Japan has had to handle a constant threat of kaiju for many decades now, and as a child the way-too-aptly-named Kafka Hibino made a promise to his best friend Mina that they would both grow up to lead the Japan Anti-Kaiju Defense Force in charge of eliminating the threat. A couple decades later, she’s a national hero as a captain in the Force, while Kafka is in the private sector at age 32, cleaning up the enormous corpses and viscera Mina and her division leave behind. He hasn’t given up on his dreams, by any stretch; Kafka has failed every single enlistment application he’s submitted since he came of age, but he just keeps on trying.
Kafka and his work kohai, the upstart JAKDF hopeful Reno, manage to survive a kaiju attack at the end of a shift with minor injuries, but when they’re in the hospital, a potato-sized flying kaiju shoves itself down Kafka’s throat, causing him to transform into a kaiju. Fortunately, he’s able to change back to his human form just in time to pass the first round of Defense Force exams, with Reno warning him not to let anyone in on his secret during practical exams.
Kafka is pathetically weak in his human form and is repeatedly shown up by the daughter of the Defense Force’s director general, the young hotshot Kikoru (Fairouz Ai once again), but he manages to save her life when a training exercise goes haywire and forces him to transform and share his secret with her. Reno and Kikoru get in, no problem, while Kafka manages to squeak in as a cadet. Of course, without exposing his little-big kaiju secret, Kafka can’t do much to help in terms of actual combat, but he does frequently act as an unofficial tactician in directing his squadmates on the battlefield and, in a very smart writing decision, applying his professional knowledge of kaiju anatomy to help them identify and target weaknesses. 

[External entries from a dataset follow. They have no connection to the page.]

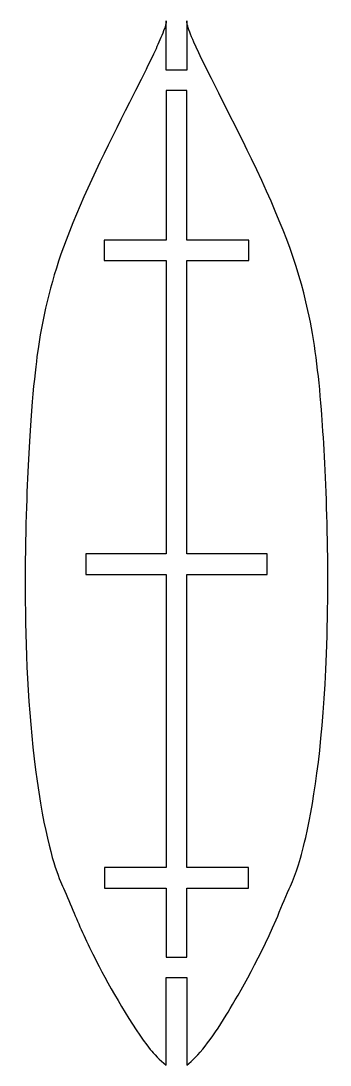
# Model space of a CAD drawing. Header units: millimetres. Extents: x -23 to 23, y -210 to -57.
import ezdxf

# ---------------------------------------------------------------- set-up
doc = ezdxf.new("R2010")
doc.units = ezdxf.units.MM
doc.layers.get('0').update_dxf_attribs({"linetype": 'CONTINUOUS'})

msp = doc.modelspace()

# ---------------------------------------------------------------- linework, layer by layer
for p, q in [((-1.5, -64.27), (-1.5, -57.04)), ((1.5, -57.04), (1.5, -64.27)), ((1.5, -64.27), (-1.5, -64.27)), ((-1.5, -210.2), (-1.5, -197.35)), ((-1.5, -197.35), (1.5, -197.35)), ((1.5, -197.35), (1.5, -210.2))]:
    msp.add_line(p, q)
msp.add_lwpolyline([(-10.59, -89.21), (-10.59, -92.21), (-1.5, -92.21), (-1.5, -135.22), (-13.31, -135.22), (-13.31, -138.22), (-1.5, -138.22), (-1.5, -181.23), (-10.54, -181.23), (-10.54, -184.23), (-1.5, -184.23), (-1.5, -194.35), (1.5, -194.35), (1.5, -184.23), (10.54, -184.23), (10.54, -181.23), (1.5, -181.23), (1.5, -138.22), (13.31, -138.22), (13.31, -135.22), (1.5, -135.22), (1.5, -92.21), (10.59, -92.21), (10.59, -89.21), (1.5, -89.21), (1.5, -67.27), (-1.5, -67.27), (-1.5, -89.21)], close=True)
for points, knots in [([(-1.5, -57.04), (-1.5, -57.38), (-1.66, -57.91), (-2.19, -59.35), (-2.64, -60.35), (-3.99, -63.27), (-5.24, -65.73), (-10.2, -75.56), (-13.67, -82.49), (-16.19, -89.21)], [-3.926556, -3.926556, -3.926556, -3.926556, -3.63367, -3.63367, -3.242145, -3.242145, -2.153512, -2.153512, 0, 0, 0, 0]), ([(1.5, -210.2), (3.16, -209.01), (5.12, -206.4), (8.64, -200.68), (11.92, -195.15), (15.25, -187.38), (15.86, -185.84), (17.4, -182.43), (18.1, -180.55), (20.3, -170.85), (21.54, -162.25), (22.53, -135.87), (21.85, -121.74), (20.83, -108.64), (20.26, -103.98), (17.76, -92.58), (15.25, -86.13), (7.75, -70.54), (4.27, -64.03), (2.07, -59.06), (1.73, -58.17), (1.54, -57.39), (1.5, -57.2), (1.5, -57.04)], [-6.986926, -6.986926, -6.986926, -6.986926, -5.056651, -5.056651, -3.859367, -3.859367, -3.567278, -3.567278, -3.200699, -3.200699, -2.620536, -2.620536, -1.963027, -1.963027, -1.493691, -1.493691, -0.759502, -0.759502, -0.203965, -0.203965, -0.046847, -0.046847, 0, 0, 0, 0]), ([(-16.19, -89.21), (-18.3, -94.83), (-19.5, -99.66), (-20.7, -107.92), (-21.39, -113.6), (-22.28, -134.1), (-22.82, -154.74), (-18.58, -179.83), (-17.23, -182.81), (-16.58, -184.23)], [-4.599484, -4.599484, -4.599484, -4.599484, -2.525694, -2.525694, -1.464625, -1.464625, -0.4696, -0.4696, 0, 0, 0, 0]), ([(-16.58, -184.23), (-16.04, -185.45), (-15.53, -186.68), (-14.14, -190.01), (-13.21, -192.1), (-9.78, -198.77), (-6.52, -204.59), (-3.34, -208.5), (-2.45, -209.52), (-1.5, -210.2)], [-4.473159, -4.473159, -4.473159, -4.473159, -3.636771, -3.636771, -2.211338, -2.211338, -0.347864, -0.347864, 0, 0, 0, 0])]:
    msp.add_open_spline(points, degree=3, knots=knots)

doc.saveas('drawing.dxf')

And from there we get a whole lot of early military training and bonding, and not just with Kafka, Reno, Kikoru, and their division’s vice-commander, the giggly Hoshina: There’s also, uh, Man-Bun! And Muscles! And Shark Teeth! And the Token Women! You know, those guys. Yeah, this is ostensibly an ensemble cast, as any good battle shonen should be, but I really didn’t get much from anyone outside the main few characters other than identifying features. I’m sure we’ll get more out of them in subsequent seasons but I have little to work off of right now.
The main three are great, though: Kafka definitely has shonen protag brain even at his age, but he’s still necessary representation for schlubby guys in their 30s who still have hopes and dreams (we exist and our stories matter), and for as serious and focused as Reno likes to think he is, he makes a great tsukkomi whenever Kafka starts acting up. Kikoru is already an icon as well; she’s basically Asuka Langley Sohryu for the zoomer generation. I feel a little weird about the fact that she’s literally half Kafka’s age and still acts kinda tsundere around him, but this is a shonen at the end of the day.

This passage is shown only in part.